## Find [gameid] of games by a specific league in FIBA LiveStats

**baseurl**: https://www.fibalivestats.com/u/[league]/[game_id]/sc.html

[league] is the name of the league (e.g. UAAP)
[gameid] is the gameid for the specific game (e.g. 936275)

For example, the shotchart of the game between NU and UST during UAAP Season 81 (gameid:936275) is stored in FIBA LiveStats at: https://www.fibalivestats.com/u/UAAP/936275/sc.html

In [None]:
import requests

league = 'UAAP'    # the league you want to scrape data from
clue = '(Seniors Division)'    # a piece of text that appears on the webpage if the game/webpage exists, should be changed accordingly
baseurl = 'https://www.fibalivestats.com/u/{}'.format(league)  
start_id = 5000
end_id = 10000

for g_id in range(start_id, end_id + 1):     
# for g_id in range(end_id, start_id, -1):    # use this if you want to search from end_id to start_id
    url = "{}/{}/".format(baseurl, g_id)
    resp = requests.get(url)
    if resp.status_code == 200 and resp.text.find(clue) > -1:   # if the webpage and the clue exists, get the URL
        print(url)
    else:
        pass
#         print(g_id)
#     print("{}: {}".format(g_id, resp.status_code))

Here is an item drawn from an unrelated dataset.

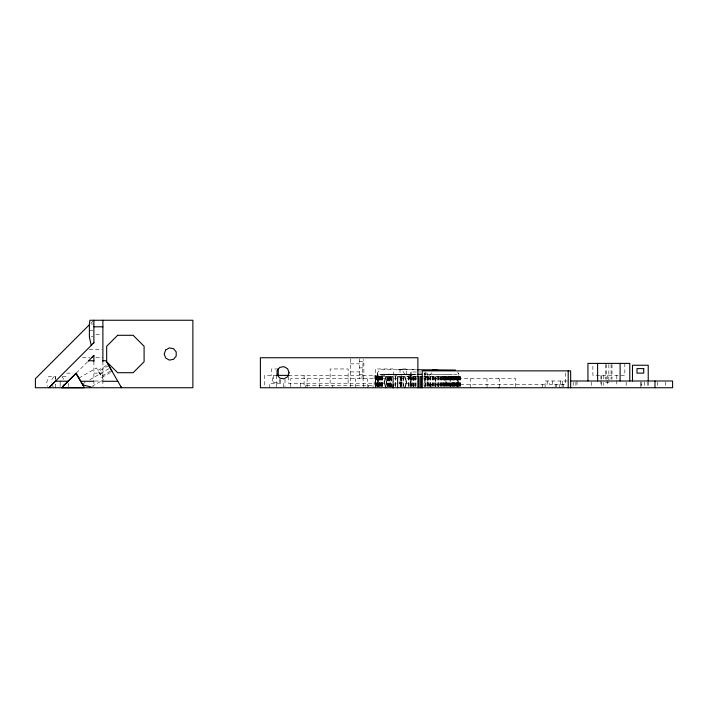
<?xml version="1.0" encoding="UTF-8"?>
<svg xmlns="http://www.w3.org/2000/svg" width="708" height="708" viewBox="0 0 708 708"><rect width="100%" height="100%" fill="white"/><g stroke="black" fill="none" stroke-linecap="round" stroke-linejoin="round"><path stroke-width="0.53" stroke-dasharray="3.54 2.66" d="M290.731 386.718L290.731 378.718L406.277 378.727M307.042 387.719L307.139 378.718M319.414 387.719L319.414 378.718M355.416 387.719L355.505 378.727M367.788 387.727L367.691 378.727M375.461 387.727L375.47 378.727M386.515 384.674L386.515 379.559M458.014 386.718L458.014 376.497M470.714 387.736L470.599 378.736M487.024 387.736L487.024 378.736M499.397 387.736L499.299 378.745M515.707 386.745L515.707 378.745L423.933 378.736M413.384 386.718L413.401 376.497M444.146 386.718L444.155 376.497M55.64 378.992L55.613 376.718L48.445 376.718L46.763 382.231L47.604 386.497M415.074 386.718L415.109 376.497M361.938 378.753L363.301 359.602M640.696 387.745L641.652 381.957M68.18 386.497L68.818 383.302M363.107 378.753L363.877 375.78L363.877 359.965M53.835 376.718L51.365 380.116L51.365 382.231M388.842 380.116L390.692 377.568M400.047 386.895L401.896 384.356M431.951 372.78L428.606 376.143L423.897 378.408M90.801 323.335L93.881 320.255M76.243 373.125L87.872 361.496M78.951 378.09L96.492 367.965L103.35 379.851M97.89 370.399L106.28 365.558M108.731 365.514L98.483 371.426L101.35 376.391L111.59 370.479M82.385 384.037L85.155 382.435M89.766 379.771L110.165 367.992M101.943 377.417L112.191 371.496M91.96 386.426L101.527 380.904M378.249 374.267L377.382 374.267L377.382 386.718M381.231 374.249L380.709 374.249M381.718 374.249L381.656 374.249M415.87 369.744L381.338 369.78C376.939 370.939 374.532 377.001 382.78 374.249M382.639 374.249L384.577 374.249M384.417 374.249L386.603 374.249M387.329 374.249L387.603 374.249M386.426 374.249L388.081 374.249M388.851 374.249L387.984 374.249M381.408 374.249L380.877 374.249M389.639 374.249L388.648 374.249M390.453 374.249L388.745 374.249M390.657 374.249L391.285 374.249M392.144 374.249L390.347 374.249M393.02 374.249L393.347 374.249M382.17 374.249L382.993 374.249M394.825 374.249L393.798 374.249M395.754 374.249L396.108 374.249M397.666 374.249L396.586 374.249M398.648 374.249L399.02 374.249M400.648 374.249L399.516 374.249M383.878 374.249L384.816 374.249M401.666 374.249L402.055 374.249M403.746 374.249L401.542 374.249M404.799 374.249L405.197 374.249M406.941 374.249L405.737 374.249M406.675 374.249L408.029 374.249M410.215 374.249L408.976 374.249M409.941 374.249L411.321 374.249M413.534 374.249L412.286 374.249M413.26 374.249L414.658 374.249M415.773 374.249L416.189 374.249M385.816 374.249L386.869 374.249M387.232 374.249L388.365 374.249L387.887 374.249M389.143 374.249L388.267 374.249M385.479 374.249L385.4 374.249M389.94 374.249L389.046 374.249M390.763 374.249L389.843 374.249M390.958 374.267L391.604 374.249M392.471 374.249L391.497 374.249M395.17 374.249L394.144 374.249M398.029 374.249L396.94 374.249M401.029 374.249L399.887 374.249M404.144 374.249L402.958 374.249M407.348 374.249L406.135 374.249M407.596 374.267L408.436 374.249M410.622 374.249L409.392 374.249M410.879 374.267L411.729 374.249M413.959 374.249L412.702 374.249M414.215 374.267L415.074 374.249M397.816 369.78L402.463 369.744C404.162 376.072 411.233 379.169 417.313 379.302M398.754 369.78L402.737 369.744M91.19 324.007L93.89 324.007M89.385 330.379L92.987 330.379M95.89 334.424L101.89 334.424M91.19 336.751L92.987 336.751M89.243 349.495L101.837 349.495M82.447 357.381L89.872 357.381M95.89 357.381L102.89 357.381M359.381 361.496L363.877 361.496M350.38 363.832L359.381 363.832M359.381 367.877L363.877 367.877M278.253 368.957L271.509 368.957L271.509 375.373M350.38 371.912L359.381 371.912M416.322 371.992L410.569 371.992L410.569 386.692M417.357 371.992L421.605 371.992M66.702 373.125L73.066 373.125M93.89 373.125L102.89 373.125M424.11 373.125L427.862 373.125M359.381 374.249L363.877 374.249M389.435 374.249L390.046 374.249M390.25 374.249L390.869 374.249M391.082 374.249L391.71 374.249M391.931 374.249L394.365 374.249M394.595 374.249L397.179 374.249M397.427 374.249L400.144 374.249M400.392 374.249L403.224 374.249M403.48 374.249L404.401 374.249M404.534 374.249L405.33 374.249M404.666 374.249L406.401 374.249M407.755 374.249L408.569 374.249M407.888 374.249L409.666 374.249M411.038 374.249L411.87 374.249M411.18 374.249L412.985 374.249M414.375 374.249L415.215 374.249M415.49 374.249L416.056 374.249M424.428 374.249L425.26 374.249M425.535 374.249L426.358 374.249M426.632 374.249L427.446 374.249M427.721 374.249L428.535 374.249M428.8 374.249L429.614 374.249M429.88 374.249L430.676 374.249M430.942 374.249L431.738 374.249M432.004 374.249L432.783 374.249M433.048 374.249L433.818 374.249M434.075 374.249L434.845 374.249M435.101 374.249L435.854 374.249M436.11 374.249L436.854 374.249M437.101 374.249L437.836 374.249M438.075 374.249L438.801 374.249M439.04 374.249L439.756 374.249M439.987 374.249L440.686 374.249M440.916 374.249L441.606 374.249M441.836 374.249L442.509 374.249M442.73 374.249L443.385 374.249M443.606 374.249L444.243 374.249M444.456 374.249L445.084 374.249M445.297 374.249L445.907 374.249M446.111 374.249L446.704 374.249M446.898 374.249L447.483 374.249M447.668 374.249L448.235 374.249M448.421 374.249L448.961 374.249M449.137 374.249L449.669 374.249M449.846 374.249L450.35 374.249M450.518 374.249L451.005 374.249M451.164 374.249L451.642 374.249M451.793 374.249L452.244 374.249M453.509 374.249L458.368 374.267L458.324 386.718M277.288 375.373L264.757 375.373L264.757 386.71M288.377 375.373L385.471 375.373M394.648 375.373L396.984 375.373M385.621 376.497L375.364 376.497L375.444 386.718M394.71 376.497L396.108 376.497M406.808 376.497L417.154 376.497M423.8 376.497L460.386 376.497M62.552 376.718L67.349 376.718L68.18 377.975M498.565 378.745L499.025 378.745M406.781 378.727L417.313 378.736M94.89 381.001L102.89 381.001M567.418 380.993L545.116 380.993L545.116 387.745M398.887 382.453L404.613 382.453M605.712 382.435L612.004 382.435M408.613 383.24L394.896 383.24L394.896 387.745M601.588 385.497L601.411 375.373M403.817 369.744L415.738 369.771M414.516 374.249L414.932 374.249M395.639 374.249L395.993 374.249M392.905 374.249L393.241 374.249M398.524 374.249L398.896 374.249M388.842 384.356L390.692 386.895M51.365 384.356L53.215 386.895M401.896 380.116L400.047 377.568L400.055 386.718M61.959 376.718L63.808 379.267M457.855 372.151L458.35 374.267L458.218 373.169M363.859 386.887L362.947 378.753M60.145 384.577L60.162 386.497M665.396 381.957L665.396 387.745M657.307 381.957L657.307 387.745M648.342 381.957L648.342 387.745M647.218 381.957L647.218 387.745M644.519 381.957L644.519 386.78M641.811 381.957L641.811 386.78M640.696 381.957L640.696 386.78M626.191 381.957L626.191 387.745M624.828 363.399L624.828 375.373L592.888 375.373L592.888 364.487M616.792 375.373L616.792 379.497M616.792 380.523L616.792 386.71M612.004 364.461L612.004 379.258M611.084 364.461L611.084 379.258M608.862 364.461L608.862 381.373M607.756 375.373L607.756 379.417M607.756 380.435L607.756 385.497M606.632 364.461L606.632 379.258M605.712 364.461L605.712 379.258M603.774 375.373L603.774 381.444M603.774 382.453L603.774 385.497M600.924 375.373L600.924 379.497M600.924 380.523L600.924 386.71M591.525 381.957L591.525 387.745M577.029 380.993L577.029 386.78M575.905 381.957L575.905 386.78M573.197 381.957L573.197 386.78M565.365 372.948L565.365 384.373L549.435 384.373L549.435 380.993M563.285 384.373L563.285 386.904M562.736 380.993L562.736 386.78M562.099 384.373L562.099 387.745M560.409 380.993L560.409 387.745M559.231 384.373L559.231 387.745M556.373 384.373L556.373 386.904M555.187 384.373L555.187 386.904M552.32 380.993L552.32 387.745M547.187 380.993L547.187 384.373L446.04 384.373L446.04 380.993L443.792 380.993L443.792 384.373L427.862 384.373L427.862 372.948M542.691 384.373L542.691 387.745M460.306 376.497L460.386 386.718M460.147 376.497L460.147 386.718M459.908 376.497L459.908 386.718M459.598 376.497L459.598 386.718M459.209 376.497L459.209 386.718M458.74 376.497L458.74 386.718M458.049 376.497L458.049 386.718M457.58 376.497L457.58 386.718M457.403 376.497L457.465 386.718M457.058 376.497L457.058 386.718M456.987 376.497L456.987 386.718M456.89 376.497L456.89 386.718M456.58 376.497L456.501 386.718M456.129 376.497L456.04 386.718M455.934 376.497L455.934 386.718M455.306 376.497L455.288 386.718M454.731 376.497L454.731 386.718M454.607 376.497L454.607 386.718M454.386 376.497L454.386 386.718M453.978 376.497L453.978 386.718M453.846 376.497L453.846 386.718M453.412 376.497L453.412 386.718M453.155 376.497L453.155 386.718M453.014 376.497L453.014 386.718M452.377 376.497L452.377 386.718M452.27 376.497L452.27 386.718M452.111 376.497L452.111 386.718M451.323 376.497L451.323 386.718M451.146 376.497L451.279 386.718M450.536 384.373L450.536 386.904M450.306 376.497L450.306 386.718M449.235 376.497L449.235 386.718M449.04 376.497L449.04 386.718M448.89 376.497L448.89 386.718M448.102 376.497L448.102 386.718M447.907 376.497L447.907 386.718M447.615 376.497L447.615 386.718M446.916 376.497L446.916 386.718M446.713 376.497L446.713 386.718M446.279 376.497L446.279 386.718M445.677 376.497L445.677 386.718M445.456 376.497L445.456 386.718M444.889 376.497L444.889 386.718M444.385 376.497L444.385 386.718M443.456 376.497L443.456 386.718M443.04 376.497L443.04 386.718M442.81 376.497L442.81 386.718M441.969 376.497L441.969 386.718M441.65 376.497L441.65 386.718M441.411 376.497L441.411 386.718M440.438 376.497L440.438 386.718M440.217 376.497L440.217 386.718M439.969 376.497L439.969 386.718M438.871 376.497L438.871 386.718M438.748 376.497L438.748 386.718M438.491 376.497L438.491 386.718M438.04 384.373L438.04 386.904M437.234 376.497L437.261 386.718M436.978 376.497L436.854 386.904M435.42 376.497L435.42 386.718M434.11 376.497L434.11 386.718M433.933 376.497L433.995 387.745M433.836 376.497L433.836 386.718M432.5 376.497L432.5 386.718M432.225 376.497L432.216 386.718M431.128 384.373L431.128 387.745M430.862 376.497L430.862 386.718M430.57 376.497L430.57 386.718M430.491 376.497L430.491 386.718M429.942 384.373L429.942 386.904M429.198 376.497L429.198 386.718M428.906 376.497L428.906 386.718M428.729 376.497L428.729 386.718M427.517 376.497L427.517 386.718M427.225 376.497L427.225 386.718M426.951 376.497L426.951 386.718M425.809 376.497L425.809 386.718M425.517 376.497L425.517 386.718M425.181 371.992L425.154 386.718M424.605 373.045L424.605 386.692M424.092 376.497L424.092 386.718M416.047 376.497L416.047 386.718M415.41 376.497L415.41 386.718M414.215 376.497L414.215 386.718M413.676 376.497L413.676 386.718M413.18 386.71L413.18 375.373L406.755 375.373L406.755 368.957L400.011 368.957L400.011 375.373M412.401 376.497L412.401 386.718M411.941 376.497L411.941 386.718M411.649 376.497L411.649 386.718M411.144 371.992L411.144 386.692M410.728 375.373L410.587 386.718M410.224 376.497L410.224 386.718M409.932 376.497L409.932 386.718M408.79 376.497L408.79 386.718M408.525 376.497L408.613 386.842M408.233 376.497L408.233 386.718M403.525 376.497L403.525 386.718M403.25 377.514L403.25 386.718M401.914 377.514L401.914 386.718M401.755 375.373L401.755 387.745M401.64 377.514L401.64 386.718M400.33 377.514L400.33 386.718M400.135 376.497L400.135 386.718M395.772 376.497L395.772 386.718M395.524 376.497L395.524 386.718M395.303 376.497L395.303 386.718M393.259 375.373L393.259 368.957L375.267 368.957L375.267 383.24M391.586 377.514L391.586 386.718M391.365 377.514L391.365 386.718M390.851 376.497L390.851 386.718M390.285 376.497L390.285 386.718M390.073 377.514L390.073 386.718M389.887 376.355L389.887 383.24L288.377 383.24L288.377 376.355M389.471 377.514L389.471 386.718M389.037 377.514L389.037 386.718M388.834 377.514L388.834 386.718M388.134 376.497L388.134 386.718M387.842 377.514L387.842 386.718M387.639 377.514L387.639 386.718M386.851 376.497L386.851 386.718M386.701 379.559L386.701 384.674M382.736 376.497L382.736 386.718M382.586 376.497L382.586 386.718M382.329 376.497L382.329 386.718M381.904 376.497L381.904 386.718M381.762 376.497L381.762 386.718M381.355 376.497L381.355 386.718M381.134 376.497L381.134 386.718M381.01 376.497L381.01 386.718M380.453 376.497L380.435 386.718M380.329 376.497L380.329 386.718M379.807 376.497L379.807 386.718M379.621 376.497L379.709 386.718M379.249 376.497L379.249 386.718M379.161 376.497L379.161 386.718M378.86 376.497L378.762 386.718M378.683 376.497L378.683 386.718M378.346 386.718L378.346 376.497L378.169 386.718M377.736 376.497L377.7 386.718M377.55 376.497L377.55 386.718M377.426 376.497L377.55 386.842M377.01 376.497L377.01 386.718M376.541 376.497L376.541 386.718M376.152 376.497L376.152 386.718M375.833 376.497L375.833 386.718M375.603 376.497L375.603 386.718M374.169 375.373L374.169 385.471L304.095 385.471L304.095 375.373M373.045 385.471L373.045 387.745M368.319 385.471L368.319 386.984M359.381 358.859L359.381 378.753M350.38 358.823L350.38 386.887M348.132 383.24L348.132 368.957L330.132 368.957L330.132 383.24M332.326 385.471L332.326 387.745M305.219 385.471L305.219 387.745M300.714 383.24L300.714 386.842M285.005 379.497L285.005 386.71M283.377 386.842L283.377 383.24L269.651 383.24L269.651 387.745M280.563 379.417L280.563 382.453L272.465 382.453L272.465 375.373M279.377 379.417L279.377 382.453M276.509 375.373L276.509 382.453M276.509 383.24L276.509 387.745M273.651 375.373L273.651 382.453M102.89 361.576L102.89 386.665M93.89 361.576L93.89 386.665M60.145 380.824L60.145 386.692M55.649 376.718L55.649 379.886M458.209 376.497L458.2 386.718L458.226 376.497M55.622 384.462L55.613 387.745L55.649 384.409M377.514 373.169L377.382 374.267L377.514 373.169M383.355 374.249L383.276 374.249M457.793 386.718L457.793 376.497L457.74 386.718M450.129 386.718L450.129 376.497L450.12 386.718M435.685 386.718L435.685 376.497L435.615 386.718M378.001 386.718L378.001 376.497L377.957 386.718"/><path stroke-width="1.06" d="M393.126 384.577L393.09 387.745M404.826 387.745L406.516 382.231L404.826 376.718L397.622 376.718L397.622 387.745M61.959 387.745L64.419 384.356M93.12 343.522L93.89 342.752L93.89 320.255M76.243 373.125L61.623 387.745L84.526 387.745L75.898 373.479L62.481 386.887M91.996 357.381L93.89 355.478L93.89 361.576M89.261 324.875L35.4 378.736L35.4 387.745L192.877 387.745L192.877 320.255L89.969 320.255L89.385 323.211M93.89 342.752L48.896 387.745L55.436 381.205L68.163 381.205M88.243 361.124L93.89 355.478M93.89 326.795L102.89 326.795M88.624 360.753L93.89 360.753M102.89 360.753L105.979 360.753L121.564 387.745L121.077 386.887M416.968 369.744L455.465 370.036M417.729 374.249L418.295 374.249M418.853 374.249L419.41 374.249M419.977 374.249L420.534 374.249M421.092 374.249L421.649 374.249M276.324 375.373L288.97 375.373M417.87 376.497L418.888 376.497L418.888 387.745M422.366 376.497L420.34 376.497L420.34 387.745M570.427 380.993L672.6 380.993L672.6 387.745L260.394 387.745L260.394 357.752L417.87 357.752L417.87 387.745M80.792 381.285L93.89 381.285M102.89 381.285L117.838 381.285M498.565 387.736L499.025 387.736M433.172 369.744L436.986 369.78L432.977 369.744M433.287 369.744L436.031 369.78M91.005 386.975L82.907 384.948L76.508 373.851M385.922 387.745L384.24 382.231L385.922 376.718L393.126 376.718L393.126 387.745M112.191 371.496L108.138 364.487M82.624 384.453L82.907 384.948M91.235 345.407L89.385 337.07M654.98 380.993L654.98 387.745M648.227 380.993L648.227 365.248L632.483 365.248L632.483 380.993M629.784 380.993L629.784 363.399L587.932 363.399L587.932 380.993M620.111 363.399L620.111 380.993M597.614 363.399L597.614 380.993M570.657 387.745L570.657 370.868L422.234 370.868L422.234 387.745M568.205 370.868L568.205 387.745M421.526 376.497L421.526 387.745M278.253 368.957L278.253 375.373M102.89 320.255L102.89 361.576M89.385 324.007L89.385 336.751M165.645 350.026L164.194 354L165.645 357.974L169.309 360.098L173.478 359.354L176.195 356.115L176.195 351.885L173.478 348.646L169.309 347.902L165.645 350.026M289.076 372.744L287.625 376.727L283.961 378.842L279.793 378.107L277.067 374.859L277.067 370.629L279.793 367.39L283.961 366.656L287.625 368.771L289.076 372.744M117.634 335.291L106.678 346.247L106.678 361.753L117.634 372.709L133.139 372.709L144.096 361.753L144.096 346.247L133.139 335.291L117.634 335.291M643.731 368.62L636.979 368.62L636.979 373.125L643.731 373.125L643.731 368.62"/></g></svg>

Once you have a list of URLS, you can:
1. use the URLS directly in the next step
2. download the whole HTML file
3. download the parts of the HTML with **div id="shotchart_data"** (this is contains the shot chart information)
    - you can add another div with **id=gameInfo** to and add a class inside it with the following information: class="date team opponent venue"
    - see [sample shotchart data](/sample-shotchart-html/936275.txt)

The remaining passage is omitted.